Enhancing Representation Learning of EEG Data with Masked Autoencoders
Yifei Zhou, Sitong Liu

TL;DR
This paper introduces a masked autoencoder (MAE) for EEG data that improves representation learning and training efficiency, demonstrating its effectiveness on gaze estimation tasks and highlighting the potential of self-supervised learning in EEG applications.
Contribution
The study designs a novel MAE framework for EEG signals, showing significant improvements in learning efficiency and performance on downstream tasks.
Findings
MAE effectively learns EEG representations.
Pre-training with MAE reduces training time by two-thirds.

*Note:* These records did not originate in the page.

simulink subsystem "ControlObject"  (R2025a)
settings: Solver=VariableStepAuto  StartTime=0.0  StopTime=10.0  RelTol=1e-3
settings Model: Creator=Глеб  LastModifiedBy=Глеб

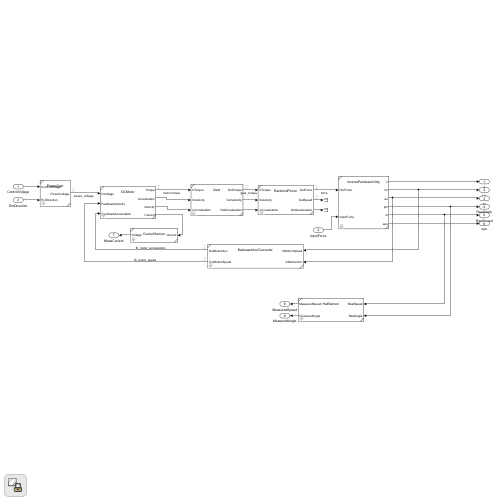
[thumbnail: Simulink's stored preview of the top-level diagram]
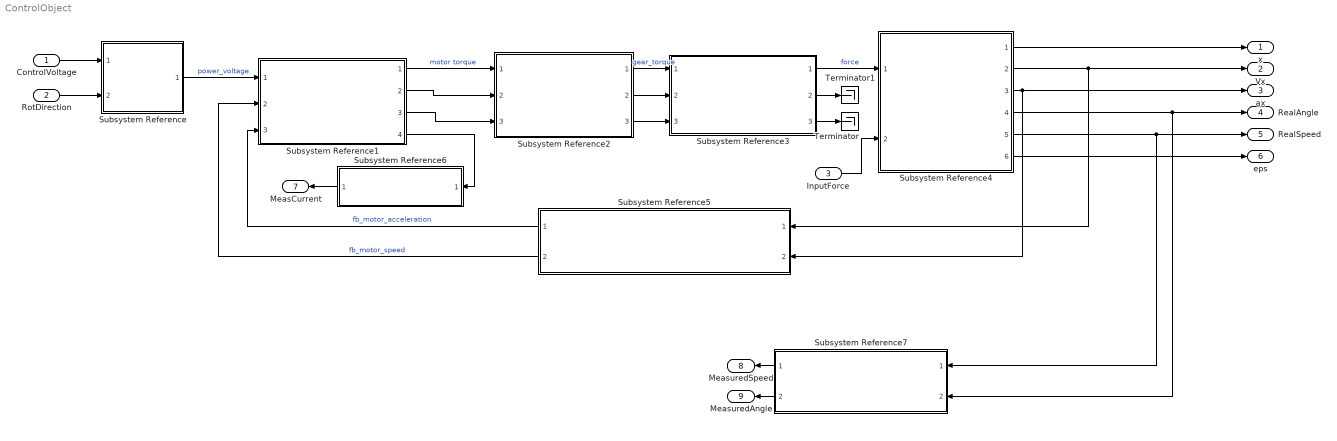
== system ControlObject ==
  ControlVoltage : Inport
  RotDirection : Inport  Port=2
  InputForce : Inport  Port=3
  Subsystem Reference : Subsystem  ReferencedSubsystem=PowerGain  gain=24/3.3
  Subsystem Reference1 : Subsystem  ReferencedSubsystem=DCMotor  kw=1/60  L=350*10^-6  R=10  km=16/1000  J_motor=500*10^-9  vis_friction_coef_motor=0.001
  Subsystem Reference2 : Subsystem  ReferencedSubsystem=Gear  i_gear=100  J_gear=2.4*10^-6  vis_friction_coef_gear=0.001
  Subsystem Reference3 : Subsystem  ReferencedSubsystem=RackAndPinion  i_coef=20/1000  J_pinion=1*10^-6  m_rack=0.1  vis_friction_coef_rack=0.001
  Subsystem Reference4 : Subsystem  ReferencedSubsystem=InversePendulumOnly  m_p=0.2  m_c=0.1  l_c=0.5  g=9.81  J_p=0.0667  phi0=0.087
  Subsystem Reference5 : Subsystem  ReferencedSubsystem=BackwardAccConverter  k_rack=20  i_gear=100
  Subsystem Reference6 : Subsystem  ReferencedSubsystem=CurrentSensor  R=0.001
  Subsystem Reference7 : Subsystem  ReferencedSubsystem=HallSensor  kw=0.2  kphi=2
  Terminator : Terminator
  Terminator1 : Terminator
  x : Outport
  Vx : Outport  Port=2
  ax : Outport  Port=3
  RealAngle : Outport  Port=4
  RealSpeed : Outport  Port=5
  eps : Outport  Port=6
  MeasCurrent : Outport  Port=7
  MeasuredSpeed : Outport  Port=8
  MeasuredAngle : Outport  Port=9
  wires:
  Subsystem Reference7/1 -> MeasuredSpeed/1
  ControlVoltage/1 -> Subsystem Reference/1
  Subsystem Reference3/3 -> Terminator/1
  RotDirection/1 -> Subsystem Reference/2
  Subsystem Reference/1 -> Subsystem Reference1/1  "power_voltage"
  Subsystem Reference4/3 -> Subsystem Reference5/2, ax/1
  Subsystem Reference1/3 -> Subsystem Reference2/3
  Subsystem Reference4/5 -> RealSpeed/1, Subsystem Reference7/1
  Subsystem Reference2/3 -> Subsystem Reference3/3
  Subsystem Reference1/1 -> Subsystem Reference2/1  "motor torque"
  Subsystem Reference6/1 -> MeasCurrent/1
  Subsystem Reference2/1 -> Subsystem Reference3/1  "gear_torque"
  Subsystem Reference7/2 -> MeasuredAngle/1
  Subsystem Reference5/2 -> Subsystem Reference1/2  "fb_motor_speed"
  InputForce/1 -> Subsystem Reference4/2
  Subsystem Reference1/4 -> Subsystem Reference6/1
  Subsystem Reference4/6 -> eps/1
  Subsystem Reference3/2 -> Terminator1/1
  Subsystem Reference2/2 -> Subsystem Reference3/2
  Subsystem Reference1/2 -> Subsystem Reference2/2
  Subsystem Reference5/1 -> Subsystem Reference1/3  "fb_motor_acceleration"
  Subsystem Reference4/1 -> x/1
  Subsystem Reference4/2 -> Subsystem Reference5/1, Vx/1
  Subsystem Reference4/4 -> RealAngle/1, Subsystem Reference7/2
  Subsystem Reference3/1 -> Subsystem Reference4/1  "force"

Pre-trained models outperform non-pre-trained models in EEG tasks.
Abstract
Self-supervised learning has been a powerful training paradigm to facilitate representation learning. In this study, we design a masked autoencoder (MAE) to guide deep learning models to learn electroencephalography (EEG) signal representation. Our MAE includes an encoder and a decoder. A certain proportion of input EEG signals are randomly masked and sent to our MAE. The goal is to recover these masked signals. After this self-supervised pre-training, the encoder is fine-tuned on downstream tasks. We evaluate our MAE on EEGEyeNet gaze estimation task. We find that the MAE is an effective brain signal learner. It also significantly improves learning efficiency. Compared to the model without MAE pre-training, the pre-trained one achieves equal performance with 1/3 the time of training and outperforms it in half the training time. Our study shows that self-supervised learning is a…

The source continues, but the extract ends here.